57. Von den kleinen Kindern – Gleichnis von den Fischen – Vergebung der Sünden

1. Zur selbigen Zeit kamen die Jünger zu Jesus und fragten ihn: „Wer ist der Größte im Reiche Gottes?“ Und Jesus rief ein kleines Kind zu sich und setzte es mitten unter sie und sprach: „Wahrlich, ich sage euch, wenn ihr euch nicht verändert und werdet so unschuldig und gelehrig wie dieses kleine Kind, werdet ihr nicht in das Himmelreich eingehen.

2. Wer aber einfältig wird wie dieses Kind, der ist der Größte im Himmelreich. Und wer ein solches Kind in meinem Namen aufnimmt, der nimmt mich auf.

3. Wehe der Welt um ihrer Ärgernisse willen! Es ist unmöglich, dass nicht Ärgernisse kommen, aber wehe dem, durch welchen Ärgernis geschieht! Darum, wenn deine Begierden oder dein Vergnügen anderen Ärgernis bereiten, wirf sie weg von dir; denn es ist besser für dich, in das Leben einzugehen ohne sie, als mit denselben in das ewige Feuer geworfen zu werden.

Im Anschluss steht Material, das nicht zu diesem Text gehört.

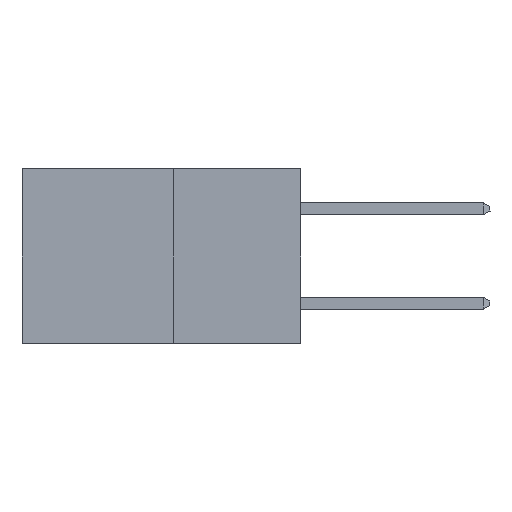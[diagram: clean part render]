
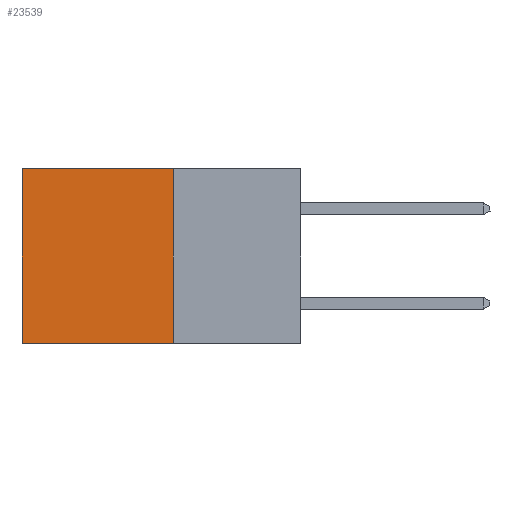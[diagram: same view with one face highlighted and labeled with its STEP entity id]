
A CAD part, left-side view. The second image highlights one B-rep face of the part: STEP entity #23539.
In plain terms, the highlighted planar face has unit normal (-1, 0, 0).
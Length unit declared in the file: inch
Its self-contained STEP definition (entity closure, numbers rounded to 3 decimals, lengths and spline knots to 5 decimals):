
#853 = VECTOR ( 'NONE', #16000, 39.37008 ) ;
#1555 = EDGE_CURVE ( 'NONE', #8526, #5479, #21469, .T. ) ;
#1592 = FACE_OUTER_BOUND ( 'NONE', #25493, .T. ) ;
#2538 = DIRECTION ( 'NONE',  ( 0., 1., 0. ) ) ;
#5479 = VERTEX_POINT ( 'NONE', #12977 ) ;
#7393 = VECTOR ( 'NONE', #2538, 39.37008 ) ;
#7980 = CARTESIAN_POINT ( 'NONE',  ( 0.277, 0.27, -0.37 ) ) ;
#8526 = VERTEX_POINT ( 'NONE', #14690 ) ;
#10247 = VECTOR ( 'NONE', #15621, 39.37008 ) ;
#10555 = ORIENTED_EDGE ( 'NONE', *, *, #18653, .F. ) ;
#11782 = DIRECTION ( 'NONE',  ( 1., 0., 0. ) ) ;
#12372 = LINE ( 'NONE', #7980, #853 ) ;
#12977 = CARTESIAN_POINT ( 'NONE',  ( 0.277, 0.59, -0.37 ) ) ;
#14215 = CARTESIAN_POINT ( 'NONE',  ( 0.277, 0.59, -0.37 ) ) ;
#14654 = DIRECTION ( 'NONE',  ( 0., 0., -1. ) ) ;
#14690 = CARTESIAN_POINT ( 'NONE',  ( 0.277, 0.59, 0. ) ) ;
#14699 = CARTESIAN_POINT ( 'NONE',  ( 0.277, 0.27, 0. ) ) ;
#15621 = DIRECTION ( 'NONE',  ( 0., 0., -1. ) ) ;
#15775 = ORIENTED_EDGE ( 'NONE', *, *, #1555, .T. ) ;
#16000 = DIRECTION ( 'NONE',  ( 0., 1., 0. ) ) ;
#16072 = EDGE_CURVE ( 'NONE', #19028, #20731, #25447, .T. ) ;
#16271 = VECTOR ( 'NONE', #14654, 39.37008 ) ;
#17627 = PLANE ( 'NONE',  #21670 ) ;
#18618 = ORIENTED_EDGE ( 'NONE', *, *, #24200, .T. ) ;
#18653 = EDGE_CURVE ( 'NONE', #20731, #5479, #12372, .T. ) ;
#18963 = ORIENTED_EDGE ( 'NONE', *, *, #16072, .F. ) ;
#19028 = VERTEX_POINT ( 'NONE', #24674 ) ;
#20731 = VERTEX_POINT ( 'NONE', #25916 ) ;
#21469 = LINE ( 'NONE', #14215, #16271 ) ;
#21670 = AXIS2_PLACEMENT_3D ( 'NONE', #23629, #11782, #25632 ) ;
#22608 = LINE ( 'NONE', #14699, #7393 ) ;
#23539 = ADVANCED_FACE ( 'NONE', ( #1592 ), #17627, .F. ) ;
#23629 = CARTESIAN_POINT ( 'NONE',  ( 0.277, 0.27, -0.37 ) ) ;
#24200 = EDGE_CURVE ( 'NONE', #19028, #8526, #22608, .T. ) ;
#24674 = CARTESIAN_POINT ( 'NONE',  ( 0.277, 0.27, 0. ) ) ;
#25447 = LINE ( 'NONE', #25492, #10247 ) ;
#25492 = CARTESIAN_POINT ( 'NONE',  ( 0.277, 0.27, -0.37 ) ) ;
#25493 = EDGE_LOOP ( 'NONE', ( #15775, #10555, #18963, #18618 ) ) ;
#25632 = DIRECTION ( 'NONE',  ( 0., 0., -1. ) ) ;
#25916 = CARTESIAN_POINT ( 'NONE',  ( 0.277, 0.27, -0.37 ) ) ;
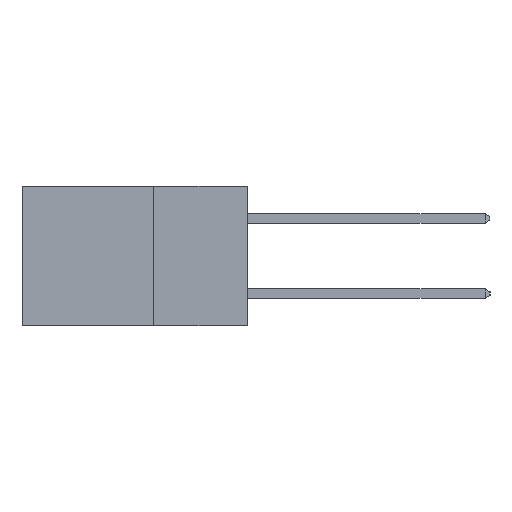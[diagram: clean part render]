
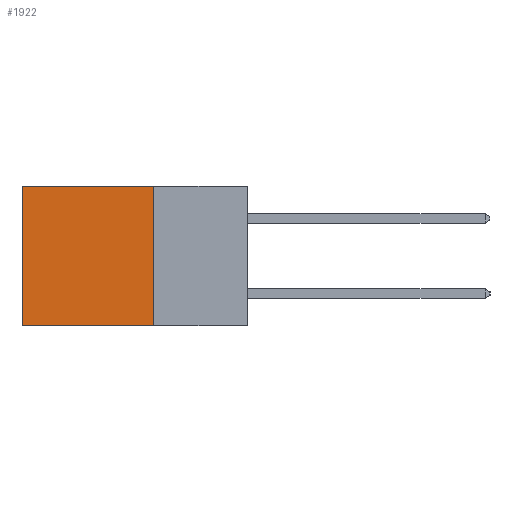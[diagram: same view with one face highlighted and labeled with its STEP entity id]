
A CAD part, left-side view. The second image highlights one B-rep face of the part: STEP entity #1922.
In plain terms, the highlighted planar face has unit normal (-1, 0, 0).
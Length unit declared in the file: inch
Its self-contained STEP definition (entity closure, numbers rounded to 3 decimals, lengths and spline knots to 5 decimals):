
#386 = VECTOR ( 'NONE', #1679, 39.37008 ) ;
#441 = VERTEX_POINT ( 'NONE', #1437 ) ;
#650 = DIRECTION ( 'NONE',  ( 0., 1., 0. ) ) ;
#799 = VERTEX_POINT ( 'NONE', #7934 ) ;
#944 = AXIS2_PLACEMENT_3D ( 'NONE', #4578, #5529, #12032 ) ;
#1437 = CARTESIAN_POINT ( 'NONE',  ( 0.2615, 0.25, -0.37 ) ) ;
#1679 = DIRECTION ( 'NONE',  ( 0., 1., 0. ) ) ;
#1850 = EDGE_CURVE ( 'NONE', #9104, #799, #8502, .T. ) ;
#1922 = ADVANCED_FACE ( 'NONE', ( #7078 ), #3628, .F. ) ;
#2549 = DIRECTION ( 'NONE',  ( 0., 0., -1. ) ) ;
#2561 = EDGE_CURVE ( 'NONE', #5757, #9104, #2739, .T. ) ;
#2656 = EDGE_CURVE ( 'NONE', #5757, #441, #4987, .T. ) ;
#2739 = LINE ( 'NONE', #7405, #386 ) ;
#2804 = ORIENTED_EDGE ( 'NONE', *, *, #2656, .F. ) ;
#3116 = ORIENTED_EDGE ( 'NONE', *, *, #2561, .T. ) ;
#3398 = VECTOR ( 'NONE', #650, 39.37008 ) ;
#3628 = PLANE ( 'NONE',  #944 ) ;
#4116 = VECTOR ( 'NONE', #11210, 39.37008 ) ;
#4539 = CARTESIAN_POINT ( 'NONE',  ( 0.2615, 0.6, 0. ) ) ;
#4578 = CARTESIAN_POINT ( 'NONE',  ( 0.2615, 0.25, -0.37 ) ) ;
#4754 = ORIENTED_EDGE ( 'NONE', *, *, #6278, .F. ) ;
#4987 = LINE ( 'NONE', #12128, #4116 ) ;
#5457 = VECTOR ( 'NONE', #2549, 39.37008 ) ;
#5529 = DIRECTION ( 'NONE',  ( 1., 0., 0. ) ) ;
#5532 = CARTESIAN_POINT ( 'NONE',  ( 0.2615, 0.25, 0. ) ) ;
#5757 = VERTEX_POINT ( 'NONE', #5532 ) ;
#5944 = LINE ( 'NONE', #12027, #3398 ) ;
#6278 = EDGE_CURVE ( 'NONE', #441, #799, #5944, .T. ) ;
#7078 = FACE_OUTER_BOUND ( 'NONE', #11238, .T. ) ;
#7299 = CARTESIAN_POINT ( 'NONE',  ( 0.2615, 0.6, -0.37 ) ) ;
#7405 = CARTESIAN_POINT ( 'NONE',  ( 0.2615, 0.25, 0. ) ) ;
#7934 = CARTESIAN_POINT ( 'NONE',  ( 0.2615, 0.6, -0.37 ) ) ;
#8502 = LINE ( 'NONE', #7299, #5457 ) ;
#9104 = VERTEX_POINT ( 'NONE', #4539 ) ;
#9395 = ORIENTED_EDGE ( 'NONE', *, *, #1850, .T. ) ;
#11210 = DIRECTION ( 'NONE',  ( 0., 0., -1. ) ) ;
#11238 = EDGE_LOOP ( 'NONE', ( #9395, #4754, #2804, #3116 ) ) ;
#12027 = CARTESIAN_POINT ( 'NONE',  ( 0.2615, 0.25, -0.37 ) ) ;
#12032 = DIRECTION ( 'NONE',  ( 0., 0., -1. ) ) ;
#12128 = CARTESIAN_POINT ( 'NONE',  ( 0.2615, 0.25, -0.37 ) ) ;
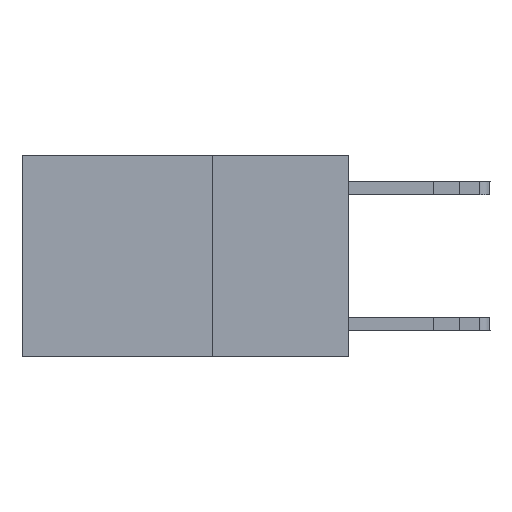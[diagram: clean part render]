
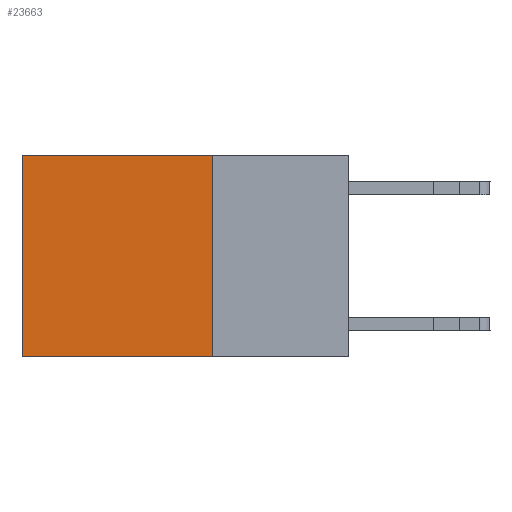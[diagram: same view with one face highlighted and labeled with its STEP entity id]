
A CAD part, left-side view. The second image highlights one B-rep face of the part: STEP entity #23663.
In plain terms, the highlighted planar face has unit normal (-1, 0, 0).
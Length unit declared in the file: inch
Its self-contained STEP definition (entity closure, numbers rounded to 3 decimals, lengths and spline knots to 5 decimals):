
#409 = LINE ( 'NONE', #541, #3012 ) ;
#418 = ORIENTED_EDGE ( 'NONE', *, *, #22259, .F. ) ;
#541 = CARTESIAN_POINT ( 'NONE',  ( 0.2625, 0.25, 0. ) ) ;
#1184 = ORIENTED_EDGE ( 'NONE', *, *, #21761, .T. ) ;
#3012 = VECTOR ( 'NONE', #15511, 39.37008 ) ;
#4374 = CARTESIAN_POINT ( 'NONE',  ( 0.2625, 0.6, 0. ) ) ;
#4470 = CARTESIAN_POINT ( 'NONE',  ( 0.2625, 0.25, 0. ) ) ;
#5140 = EDGE_CURVE ( 'NONE', #18410, #22512, #9062, .T. ) ;
#5538 = CARTESIAN_POINT ( 'NONE',  ( 0.2625, 0.25, 0. ) ) ;
#5553 = VERTEX_POINT ( 'NONE', #4374 ) ;
#6681 = EDGE_CURVE ( 'NONE', #17775, #5553, #409, .T. ) ;
#7394 = FACE_OUTER_BOUND ( 'NONE', #21678, .T. ) ;
#8622 = AXIS2_PLACEMENT_3D ( 'NONE', #5538, #9216, #16700 ) ;
#9062 = LINE ( 'NONE', #14579, #22413 ) ;
#9216 = DIRECTION ( 'NONE',  ( 1., 0., 0. ) ) ;
#10108 = ORIENTED_EDGE ( 'NONE', *, *, #6681, .T. ) ;
#10745 = CARTESIAN_POINT ( 'NONE',  ( 0.2625, 0.25, 0. ) ) ;
#11692 = DIRECTION ( 'NONE',  ( 0., 0., -1. ) ) ;
#13421 = LINE ( 'NONE', #19158, #23721 ) ;
#14579 = CARTESIAN_POINT ( 'NONE',  ( 0.2625, 0.25, -0.37 ) ) ;
#15511 = DIRECTION ( 'NONE',  ( 0., 1., 0. ) ) ;
#16700 = DIRECTION ( 'NONE',  ( 0., 0., -1. ) ) ;
#16896 = DIRECTION ( 'NONE',  ( 0., 1., 0. ) ) ;
#17775 = VERTEX_POINT ( 'NONE', #10745 ) ;
#18410 = VERTEX_POINT ( 'NONE', #19922 ) ;
#18511 = PLANE ( 'NONE',  #8622 ) ;
#19158 = CARTESIAN_POINT ( 'NONE',  ( 0.2625, 0.6, 0. ) ) ;
#19389 = DIRECTION ( 'NONE',  ( 0., 0., -1. ) ) ;
#19922 = CARTESIAN_POINT ( 'NONE',  ( 0.2625, 0.25, -0.37 ) ) ;
#20441 = CARTESIAN_POINT ( 'NONE',  ( 0.2625, 0.6, -0.37 ) ) ;
#21678 = EDGE_LOOP ( 'NONE', ( #1184, #23502, #418, #10108 ) ) ;
#21761 = EDGE_CURVE ( 'NONE', #5553, #22512, #13421, .T. ) ;
#22259 = EDGE_CURVE ( 'NONE', #17775, #18410, #23039, .T. ) ;
#22413 = VECTOR ( 'NONE', #16896, 39.37008 ) ;
#22512 = VERTEX_POINT ( 'NONE', #20441 ) ;
#22562 = VECTOR ( 'NONE', #11692, 39.37008 ) ;
#23039 = LINE ( 'NONE', #4470, #22562 ) ;
#23502 = ORIENTED_EDGE ( 'NONE', *, *, #5140, .F. ) ;
#23663 = ADVANCED_FACE ( 'NONE', ( #7394 ), #18511, .F. ) ;
#23721 = VECTOR ( 'NONE', #19389, 39.37008 ) ;
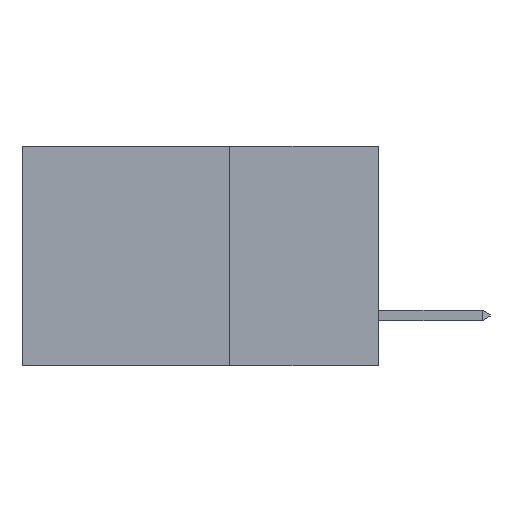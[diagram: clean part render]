
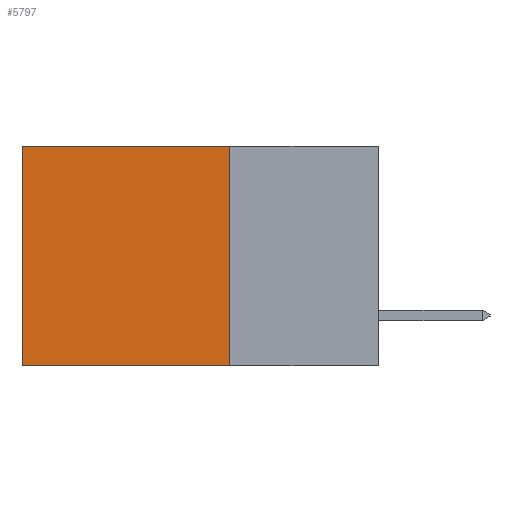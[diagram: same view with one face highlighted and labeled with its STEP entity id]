
A CAD part, left-side view. The second image highlights one B-rep face of the part: STEP entity #5797.
In plain terms, the highlighted planar face has unit normal (-1, 0, 0).
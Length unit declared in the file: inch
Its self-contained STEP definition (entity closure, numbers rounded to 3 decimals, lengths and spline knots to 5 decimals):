
#66 = CARTESIAN_POINT ( 'NONE',  ( 0.2615, 0.6, 0. ) ) ;
#358 = LINE ( 'NONE', #4751, #2128 ) ;
#708 = CARTESIAN_POINT ( 'NONE',  ( 0.2615, 0.25, 0. ) ) ;
#992 = LINE ( 'NONE', #1545, #2985 ) ;
#1442 = CARTESIAN_POINT ( 'NONE',  ( 0.2615, 0.25, -0.37 ) ) ;
#1545 = CARTESIAN_POINT ( 'NONE',  ( 0.2615, 0.25, -0.37 ) ) ;
#1757 = CARTESIAN_POINT ( 'NONE',  ( 0.2615, 0.6, -0.37 ) ) ;
#1974 = CARTESIAN_POINT ( 'NONE',  ( 0.2615, 0.25, -0.37 ) ) ;
#2128 = VECTOR ( 'NONE', #4778, 39.37008 ) ;
#2230 = ORIENTED_EDGE ( 'NONE', *, *, #8956, .F. ) ;
#2302 = DIRECTION ( 'NONE',  ( 0., 1., 0. ) ) ;
#2464 = VERTEX_POINT ( 'NONE', #6157 ) ;
#2864 = VERTEX_POINT ( 'NONE', #1442 ) ;
#2985 = VECTOR ( 'NONE', #2302, 39.37008 ) ;
#3611 = CARTESIAN_POINT ( 'NONE',  ( 0.2615, 0.25, -0.37 ) ) ;
#4077 = EDGE_CURVE ( 'NONE', #5432, #4720, #358, .T. ) ;
#4231 = DIRECTION ( 'NONE',  ( 0., 0., -1. ) ) ;
#4351 = DIRECTION ( 'NONE',  ( 1., 0., 0. ) ) ;
#4480 = ORIENTED_EDGE ( 'NONE', *, *, #4077, .T. ) ;
#4492 = DIRECTION ( 'NONE',  ( 0., 1., 0. ) ) ;
#4720 = VERTEX_POINT ( 'NONE', #1757 ) ;
#4751 = CARTESIAN_POINT ( 'NONE',  ( 0.2615, 0.6, -0.37 ) ) ;
#4778 = DIRECTION ( 'NONE',  ( 0., 0., -1. ) ) ;
#5432 = VERTEX_POINT ( 'NONE', #66 ) ;
#5797 = ADVANCED_FACE ( 'NONE', ( #9170 ), #8048, .F. ) ;
#6157 = CARTESIAN_POINT ( 'NONE',  ( 0.2615, 0.25, 0. ) ) ;
#6158 = LINE ( 'NONE', #1974, #7888 ) ;
#6590 = ORIENTED_EDGE ( 'NONE', *, *, #7017, .F. ) ;
#6867 = EDGE_LOOP ( 'NONE', ( #4480, #2230, #6590, #7190 ) ) ;
#6969 = VECTOR ( 'NONE', #4492, 39.37008 ) ;
#7017 = EDGE_CURVE ( 'NONE', #2464, #2864, #6158, .T. ) ;
#7190 = ORIENTED_EDGE ( 'NONE', *, *, #8909, .T. ) ;
#7888 = VECTOR ( 'NONE', #4231, 39.37008 ) ;
#8048 = PLANE ( 'NONE',  #9321 ) ;
#8903 = LINE ( 'NONE', #708, #6969 ) ;
#8909 = EDGE_CURVE ( 'NONE', #2464, #5432, #8903, .T. ) ;
#8956 = EDGE_CURVE ( 'NONE', #2864, #4720, #992, .T. ) ;
#9170 = FACE_OUTER_BOUND ( 'NONE', #6867, .T. ) ;
#9321 = AXIS2_PLACEMENT_3D ( 'NONE', #3611, #4351, #9521 ) ;
#9521 = DIRECTION ( 'NONE',  ( 0., 0., -1. ) ) ;

4. Habet acht, dass ihr keines von diesen Kleinen vernachlässigt; denn ich sage euch, ihre Engel sehen immerwährend das Angesicht Gottes. Denn des Menschen Sohn ist gekommen zu retten das, was verloren war.

5. Ebenso ist nicht der Wille eures Vaters im Himmel, dass eines von diesen Kleinen Schaden erleide.“

6. Da kamen einige, die voll Zweifel waren, zu Jesus und sagten: „Du hast uns gesagt, dass unser Leben und Sein von Gott sei, aber wir haben niemals Gott gesehen, noch kennen wir einen Gott. Kannst du uns ihn zeigen, den du den Vater nennst und den einzigen Gott? Wir wissen nicht, ob es einen Gott gibt.“

7. Jesus antwortete ihnen und sprach: „Hört dieses Gleichnis von den Fischen. Die Fische eines Flusses sprachen miteinander und sagten: Man erzählt uns, dass unser Leben und Sein vom Wasser komme, aber wir haben nie Wasser gesehen, wir wissen nicht, was es ist. Da sprachen etliche von ihnen, welche klüger waren als die anderen: Wir haben gehört, dass im Meere ein kluger und gelehrter Fisch lebt, der alle Dinge kennt. Lasset uns zu ihm gehen und ihn bitten, dass er uns das Wasser zeige.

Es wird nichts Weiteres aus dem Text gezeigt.